Since only CSC modules are offered in the VSCode session launch form, using custom Python environments with built-in VSCode functions like debugging requires changing the path of the Python interpreter after the session has launched. This can be done by clicking on the Python version information displayed in the lower right corner of the VSCode window.

Spyder

Spyder is a scientific Python development environment. The python-data and geoconda modules have Spyder included. The best option for using it is through the Puhti web interface remote desktop.

Python parallel jobs

There are several Python libraries for parallel computing. Below are a few suggestions:

multiprocessing – process-based parallelism
joblib – running Python functions as pipeline jobs
dask – general purpose parallel programming solution
mpi4py – MPI bindings for Python

The multiprocessing package is likely the easiest to use. Being part of the Python standard library, it is included in all Python installations by default. joblib provides some more flexibility in comparison. These two packages are suitable for single-node parallelization (max. 40 cores).

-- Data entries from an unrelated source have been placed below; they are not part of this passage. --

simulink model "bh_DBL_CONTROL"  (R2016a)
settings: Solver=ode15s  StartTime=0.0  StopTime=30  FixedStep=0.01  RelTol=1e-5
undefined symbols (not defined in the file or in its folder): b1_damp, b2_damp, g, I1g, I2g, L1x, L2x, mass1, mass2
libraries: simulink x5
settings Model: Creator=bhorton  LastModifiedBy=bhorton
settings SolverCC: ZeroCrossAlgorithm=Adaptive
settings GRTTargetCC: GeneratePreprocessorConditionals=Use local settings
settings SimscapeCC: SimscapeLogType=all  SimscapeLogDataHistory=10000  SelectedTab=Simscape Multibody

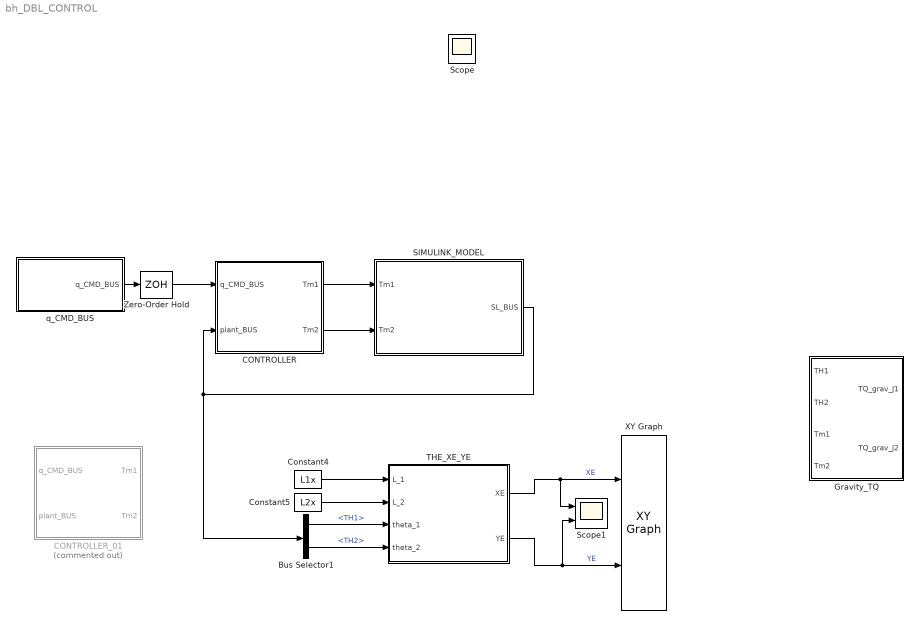
== system bh_DBL_CONTROL ==
  Bus Selector1 : BusSelector  OutputSignals=TH1,TH2
  CONTROLLER : Subsystem
  CONTROLLER_01 : Subsystem  Commented=on
  Constant4 : Constant  Value=L1x
  Constant5 : Constant  Value=L2x
  Gravity_TQ : Subsystem
  SIMULINK_MODEL : Subsystem
  Scope1 : Scope  NumInputPorts=2
  THE_XE_YE : MATLAB Function  TreatAsAtomicUnit=on
  XY Graph : simulink/Sinks/XY Graph  xmin=0  xmax=1.6  ymin=0  ymax=1.6  st=-1
  Zero-Order Hold : ZeroOrderHold  SampleTime=0.01
  q_CMD_BUS : Subsystem
  Scope : Scope
  wires:
  SIMULINK_MODEL/1(SL_BUS) -> CONTROLLER/2(plant_BUS), Bus Selector1/1
  CONTROLLER/1(Tm1) -> SIMULINK_MODEL/1(Tm1)
  CONTROLLER/2(Tm2) -> SIMULINK_MODEL/2(Tm2)
  q_CMD_BUS/1(q_CMD_BUS) -> Zero-Order Hold/1
  Constant5/1 -> THE_XE_YE/2(L_2)
  Constant4/1 -> THE_XE_YE/1(L_1)
  THE_XE_YE/1(XE) -> Scope1/1, XY Graph/1  "XE"
  THE_XE_YE/2(YE) -> Scope1/2, XY Graph/2  "YE"
  Bus Selector1/1 -> THE_XE_YE/3(theta_1)  "<TH1>"
  Bus Selector1/2 -> THE_XE_YE/4(theta_2)  "<TH2>"
  Zero-Order Hold/1 -> CONTROLLER/1(q_CMD_BUS)

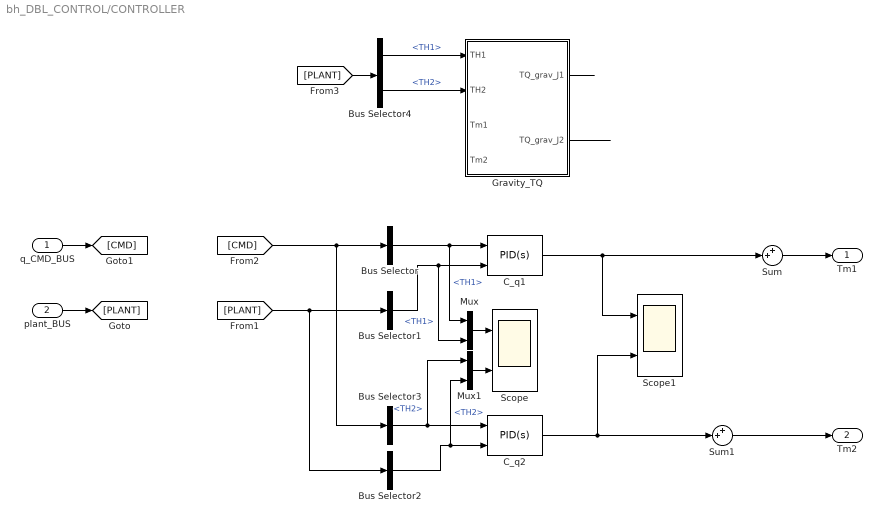
== system bh_DBL_CONTROL/CONTROLLER ==
  q_CMD_BUS : Inport
  plant_BUS : Inport  Port=2
  Bus Selector : BusSelector  OutputSignals=TH1
  Bus Selector1 : BusSelector  OutputSignals=TH1
  Bus Selector2 : BusSelector  OutputSignals=TH2
  Bus Selector3 : BusSelector  OutputSignals=TH2
  Bus Selector4 : BusSelector  OutputSignals=TH1,TH2
  C_q1 : simulink/Continuous/PID Controller (2DOF)  Controller=PID  TimeDomain=Continuous-time  SampleTime=-1  IntegratorMethod=Forward Euler  FilterMethod=Forward Euler  Form=Parallel  UseFilter=on  ControllerParametersSource=internal  P=1357.56511671981  I=4845.84125529163  D=84.5236806608288  N=69907.371435519  b=0.974411131828766  c=0.922736671022408  InitialConditionSource=internal  InitialConditionForIntegrator=0  InitialConditionForFilter=0  ExternalReset=none  LimitOutput=off  UpperSaturationLimit=inf  LowerSaturationLimit=-inf  LinearizeAsGain=on  AntiWindupMode=none  Kb=1  TrackingMode=off  Kt=1  PParamMin=[]  PParamMax=[]  IParamMin=[]  IParamMax=[]  DParamMin=[]  DParamMax=[]  NParamMin=[]  NParamMax=[]  bParamMin=[]  bParamMax=[]  cParamMin=[]  cParamMax=[]  KbParamMin=[]  KbParamMax=[]  KtParamMin=[]  KtParamMax=[]  POutMin=[]  POutMax=[]  IOutMin=[]  IOutMax=[]  DOutMin=[]  DOutMax=[]  NOutMin=[]  NOutMax=[]  bOutMin=[]  bOutMax=[]  cOutMin=[]  cOutMax=[]  KbOutMin=[]  KbOutMax=[]  KtOutMin=[]  KtOutMax=[]  IntegratorOutMin=[]  IntegratorOutMax=[]  FilterOutMin=[]  FilterOutMax=[]  SumOutMin=[]  SumOutMax=[]  Sum1OutMin=[]  Sum1OutMax=[]  Sum2OutMin=[]  Sum2OutMax=[]  Sum3OutMin=[]  Sum3OutMax=[]  SumI1OutMin=[]  SumI1OutMax=[]  SumI2OutMin=[]  SumI2OutMax=[]  SumI3OutMin=[]  SumI3OutMax=[]  SumDOutMin=[]  SumDOutMax=[]  SaturationOutMin=[]  SaturationOutMax=[]  IntegratorContinuousStateAttributes=''  IntegratorStateMustResolveToSignalObject=off  IntegratorRTWStateStorageClass=Auto  FilterContinuousStateAttributes=''  FilterStateMustResolveToSignalObject=off  FilterRTWStateStorageClass=Auto  DifferentiatorICPrevScaledInput=0  DifferentiatorOutMin=[]  DifferentiatorOutMax=[]
  C_q2 : simulink/Continuous/PID Controller (2DOF)  Controller=PID  TimeDomain=Continuous-time  SampleTime=-1  IntegratorMethod=Forward Euler  FilterMethod=Forward Euler  Form=Parallel  UseFilter=on  ControllerParametersSource=internal  P=8716881.64195116  I=38875375820.2039  D=480.022145350049  N=516158.444640812  b=1.01267061686983  c=0.794786207270043  InitialConditionSource=internal  InitialConditionForIntegrator=0  InitialConditionForFilter=0  ExternalReset=none  LimitOutput=off  UpperSaturationLimit=inf  LowerSaturationLimit=-inf  LinearizeAsGain=on  AntiWindupMode=none  Kb=1  TrackingMode=off  Kt=1  PParamMin=[]  PParamMax=[]  IParamMin=[]  IParamMax=[]  DParamMin=[]  DParamMax=[]  NParamMin=[]  NParamMax=[]  bParamMin=[]  bParamMax=[]  cParamMin=[]  cParamMax=[]  KbParamMin=[]  KbParamMax=[]  KtParamMin=[]  KtParamMax=[]  POutMin=[]  POutMax=[]  IOutMin=[]  IOutMax=[]  DOutMin=[]  DOutMax=[]  NOutMin=[]  NOutMax=[]  bOutMin=[]  bOutMax=[]  cOutMin=[]  cOutMax=[]  KbOutMin=[]  KbOutMax=[]  KtOutMin=[]  KtOutMax=[]  IntegratorOutMin=[]  IntegratorOutMax=[]  FilterOutMin=[]  FilterOutMax=[]  SumOutMin=[]  SumOutMax=[]  Sum1OutMin=[]  Sum1OutMax=[]  Sum2OutMin=[]  Sum2OutMax=[]  Sum3OutMin=[]  Sum3OutMax=[]  SumI1OutMin=[]  SumI1OutMax=[]  SumI2OutMin=[]  SumI2OutMax=[]  SumI3OutMin=[]  SumI3OutMax=[]  SumDOutMin=[]  SumDOutMax=[]  SaturationOutMin=[]  SaturationOutMax=[]  IntegratorContinuousStateAttributes=''  IntegratorStateMustResolveToSignalObject=off  IntegratorRTWStateStorageClass=Auto  FilterContinuousStateAttributes=''  FilterStateMustResolveToSignalObject=off  FilterRTWStateStorageClass=Auto  DifferentiatorICPrevScaledInput=0  DifferentiatorOutMin=[]  DifferentiatorOutMax=[]
  Gravity_TQ : Subsystem
  Mux : Mux  Inputs=2
  Mux1 : Mux  Inputs=2
  Scope : Scope  NumInputPorts=2
  Scope1 : Scope  NumInputPorts=2
  Sum : Sum  Inputs=++|
  Sum1 : Sum  Inputs=++|
  Tm1 : Outport
  Tm2 : Outport  Port=2
  wires:
  [CMD] -> Bus Selector3/1, Bus Selector/1
  [PLANT] -> Bus Selector2/1, Bus Selector1/1
  Bus Selector/1 -> Mux/1, C_q1/1  "<TH1>"
  Bus Selector1/1 -> Mux/2, C_q1/2  "<TH1>"
  Bus Selector3/1 -> Mux1/1, C_q2/1  "<TH2>"
  Bus Selector2/1 -> C_q2/2, Mux1/2  "<TH2>"
  Mux/1 -> Scope/1
  Mux1/1 -> Scope/2
  plant_BUS/1 -> [PLANT]
  q_CMD_BUS/1 -> [CMD]
  [PLANT] -> Bus Selector4/1
  Bus Selector4/1 -> Gravity_TQ/1(TH1)  "<TH1>"
  Bus Selector4/2 -> Gravity_TQ/2(TH2)  "<TH2>"
  Sum/1 -> Tm1/1
  C_q1/1 -> Scope1/1, Sum/2
  Gravity_TQ/1(TQ_grav_J1) -> ?
  Gravity_TQ/2(TQ_grav_J2) -> ?
  Sum1/1 -> Tm2/1
  C_q2/1 -> Scope1/2, Sum1/2

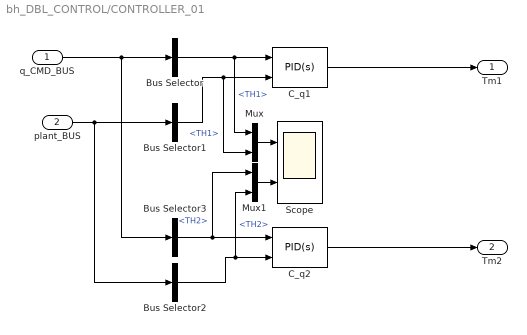
== system bh_DBL_CONTROL/CONTROLLER_01 ==
  q_CMD_BUS : Inport
  plant_BUS : Inport  Port=2
  Bus Selector : BusSelector  OutputSignals=TH1
  Bus Selector1 : BusSelector  OutputSignals=TH1
  Bus Selector2 : BusSelector  OutputSignals=TH2
  Bus Selector3 : BusSelector  OutputSignals=TH2
  C_q1 : simulink/Continuous/PID Controller (2DOF)  Controller=PID  TimeDomain=Continuous-time  SampleTime=-1  IntegratorMethod=Forward Euler  FilterMethod=Forward Euler  Form=Parallel  UseFilter=on  ControllerParametersSource=internal  P=1357.56511671981  I=4845.84125529163  D=84.5236806608288  N=69907.371435519  b=0.974411131828766  c=0.922736671022408  InitialConditionSource=internal  InitialConditionForIntegrator=0  InitialConditionForFilter=0  ExternalReset=none  LimitOutput=off  UpperSaturationLimit=inf  LowerSaturationLimit=-inf  LinearizeAsGain=on  AntiWindupMode=none  Kb=1  TrackingMode=off  Kt=1  PParamMin=[]  PParamMax=[]  IParamMin=[]  IParamMax=[]  DParamMin=[]  DParamMax=[]  NParamMin=[]  NParamMax=[]  bParamMin=[]  bParamMax=[]  cParamMin=[]  cParamMax=[]  KbParamMin=[]  KbParamMax=[]  KtParamMin=[]  KtParamMax=[]  POutMin=[]  POutMax=[]  IOutMin=[]  IOutMax=[]  DOutMin=[]  DOutMax=[]  NOutMin=[]  NOutMax=[]  bOutMin=[]  bOutMax=[]  cOutMin=[]  cOutMax=[]  KbOutMin=[]  KbOutMax=[]  KtOutMin=[]  KtOutMax=[]  IntegratorOutMin=[]  IntegratorOutMax=[]  FilterOutMin=[]  FilterOutMax=[]  SumOutMin=[]  SumOutMax=[]  Sum1OutMin=[]  Sum1OutMax=[]  Sum2OutMin=[]  Sum2OutMax=[]  Sum3OutMin=[]  Sum3OutMax=[]  SumI1OutMin=[]  SumI1OutMax=[]  SumI2OutMin=[]  SumI2OutMax=[]  SumI3OutMin=[]  SumI3OutMax=[]  SumDOutMin=[]  SumDOutMax=[]  SaturationOutMin=[]  SaturationOutMax=[]  IntegratorContinuousStateAttributes=''  IntegratorStateMustResolveToSignalObject=off  IntegratorRTWStateStorageClass=Auto  FilterContinuousStateAttributes=''  FilterStateMustResolveToSignalObject=off  FilterRTWStateStorageClass=Auto  DifferentiatorICPrevScaledInput=0  DifferentiatorOutMin=[]  DifferentiatorOutMax=[]
  C_q2 : simulink/Continuous/PID Controller (2DOF)  Controller=PID  TimeDomain=Continuous-time  SampleTime=-1  IntegratorMethod=Forward Euler  FilterMethod=Forward Euler  Form=Parallel  UseFilter=on  ControllerParametersSource=internal  P=8716881.64195116  I=38875375820.2039  D=480.022145350049  N=516158.444640812  b=1.01267061686983  c=0.794786207270043  InitialConditionSource=internal  InitialConditionForIntegrator=0  InitialConditionForFilter=0  ExternalReset=none  LimitOutput=off  UpperSaturationLimit=inf  LowerSaturationLimit=-inf  LinearizeAsGain=on  AntiWindupMode=none  Kb=1  TrackingMode=off  Kt=1  PParamMin=[]  PParamMax=[]  IParamMin=[]  IParamMax=[]  DParamMin=[]  DParamMax=[]  NParamMin=[]  NParamMax=[]  bParamMin=[]  bParamMax=[]  cParamMin=[]  cParamMax=[]  KbParamMin=[]  KbParamMax=[]  KtParamMin=[]  KtParamMax=[]  POutMin=[]  POutMax=[]  IOutMin=[]  IOutMax=[]  DOutMin=[]  DOutMax=[]  NOutMin=[]  NOutMax=[]  bOutMin=[]  bOutMax=[]  cOutMin=[]  cOutMax=[]  KbOutMin=[]  KbOutMax=[]  KtOutMin=[]  KtOutMax=[]  IntegratorOutMin=[]  IntegratorOutMax=[]  FilterOutMin=[]  FilterOutMax=[]  SumOutMin=[]  SumOutMax=[]  Sum1OutMin=[]  Sum1OutMax=[]  Sum2OutMin=[]  Sum2OutMax=[]  Sum3OutMin=[]  Sum3OutMax=[]  SumI1OutMin=[]  SumI1OutMax=[]  SumI2OutMin=[]  SumI2OutMax=[]  SumI3OutMin=[]  SumI3OutMax=[]  SumDOutMin=[]  SumDOutMax=[]  SaturationOutMin=[]  SaturationOutMax=[]  IntegratorContinuousStateAttributes=''  IntegratorStateMustResolveToSignalObject=off  IntegratorRTWStateStorageClass=Auto  FilterContinuousStateAttributes=''  FilterStateMustResolveToSignalObject=off  FilterRTWStateStorageClass=Auto  DifferentiatorICPrevScaledInput=0  DifferentiatorOutMin=[]  DifferentiatorOutMax=[]
  Mux : Mux  Inputs=2
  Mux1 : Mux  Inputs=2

dask is the most versatile of the bunch and has several options for parallelization. Please see the CSC Dask tutorial for examples of both single-node (max. 40 cores) and multi-node parallelization.

In addition, there are examples of using different parallelization options on Puhti on our CSC Training GitHub organization. Of the above four packages, examples are provided for multiprocessing, joblib and dask.

The mpi4py package is included in our PyTorch environment. It is generally the most efficient option for multinode jobs with non-trivial parallelization. For a short tutorial on mpi4py, along with other approaches for improving the performance of Python programs, please see the free Python in High Performance Computing online course.